From the first line to the last, return the data exactly, with no pictures.

[Records drawn from a dataset]
= = = = =

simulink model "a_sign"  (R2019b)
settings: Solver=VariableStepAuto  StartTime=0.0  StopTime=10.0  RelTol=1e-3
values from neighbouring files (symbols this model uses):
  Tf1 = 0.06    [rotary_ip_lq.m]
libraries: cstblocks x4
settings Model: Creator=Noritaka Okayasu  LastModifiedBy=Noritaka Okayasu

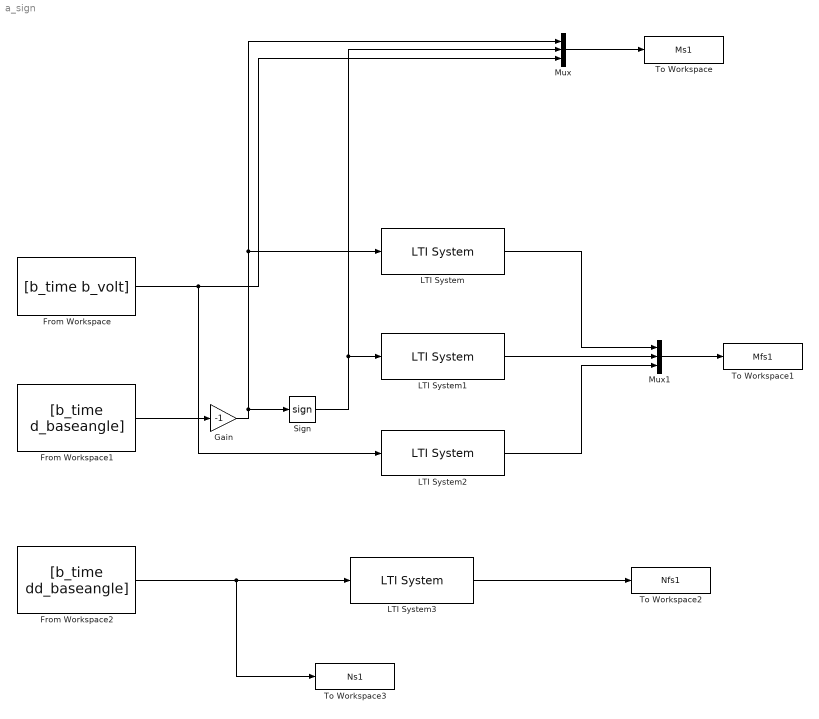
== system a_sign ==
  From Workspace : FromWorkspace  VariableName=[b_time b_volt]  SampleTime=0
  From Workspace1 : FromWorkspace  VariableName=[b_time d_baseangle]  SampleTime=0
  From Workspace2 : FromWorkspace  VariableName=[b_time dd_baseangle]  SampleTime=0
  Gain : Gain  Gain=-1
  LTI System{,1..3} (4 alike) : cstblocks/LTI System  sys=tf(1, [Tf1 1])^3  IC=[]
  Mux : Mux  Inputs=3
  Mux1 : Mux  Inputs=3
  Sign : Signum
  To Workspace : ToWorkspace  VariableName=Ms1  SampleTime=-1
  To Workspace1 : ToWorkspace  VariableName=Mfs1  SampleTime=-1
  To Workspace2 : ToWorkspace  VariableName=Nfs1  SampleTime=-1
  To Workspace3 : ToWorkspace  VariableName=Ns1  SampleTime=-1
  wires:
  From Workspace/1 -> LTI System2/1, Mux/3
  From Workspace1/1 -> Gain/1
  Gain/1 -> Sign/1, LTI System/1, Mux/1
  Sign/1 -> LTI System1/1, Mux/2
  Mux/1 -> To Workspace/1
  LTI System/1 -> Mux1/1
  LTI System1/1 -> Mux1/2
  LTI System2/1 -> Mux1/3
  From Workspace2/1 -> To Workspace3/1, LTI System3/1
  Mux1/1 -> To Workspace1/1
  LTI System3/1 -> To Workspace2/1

= = = = =

**Solution for this exercise:**
simulink model "a_sign"  (R2019b)
settings: Solver=VariableStepAuto  StartTime=0.0  StopTime=10.0  RelTol=1e-3
values from neighbouring files (symbols this model uses):
  Tf1 = 0.06    [rotary_ip_lq.m]
libraries: cstblocks x4
settings Model: Creator=Noritaka Okayasu  LastModifiedBy=Noritaka Okayasu

== system a_sign ==
  From Workspace : FromWorkspace  VariableName=[b_time b_volt]  SampleTime=0
  From Workspace1 : FromWorkspace  VariableName=[b_time d_baseangle]  SampleTime=0
  From Workspace2 : FromWorkspace  VariableName=[b_time dd_baseangle]  SampleTime=0
  Gain : Gain  Gain=-1
  LTI System{,1..3} (4 alike) : cstblocks/LTI System  sys=tf(1, [Tf1 1])^3  IC=[]
  Mux : Mux  Inputs=3
  Mux1 : Mux  Inputs=3
  Sign : Signum
  To Workspace : ToWorkspace  VariableName=Ms1  SampleTime=-1
  To Workspace1 : ToWorkspace  VariableName=Mfs1  SampleTime=-1
  To Workspace2 : ToWorkspace  VariableName=Nfs1  SampleTime=-1
  To Workspace3 : ToWorkspace  VariableName=Ns1  SampleTime=-1
  wires:
  From Workspace/1 -> LTI System2/1, Mux/3
  From Workspace1/1 -> Gain/1
  Gain/1 -> Sign/1, LTI System/1, Mux/1
  Sign/1 -> LTI System1/1, Mux/2
  Mux/1 -> To Workspace/1
  LTI System/1 -> Mux1/1
  LTI System1/1 -> Mux1/2
  LTI System2/1 -> Mux1/3
  From Workspace2/1 -> To Workspace3/1, LTI System3/1
  Mux1/1 -> To Workspace1/1
  LTI System3/1 -> To Workspace2/1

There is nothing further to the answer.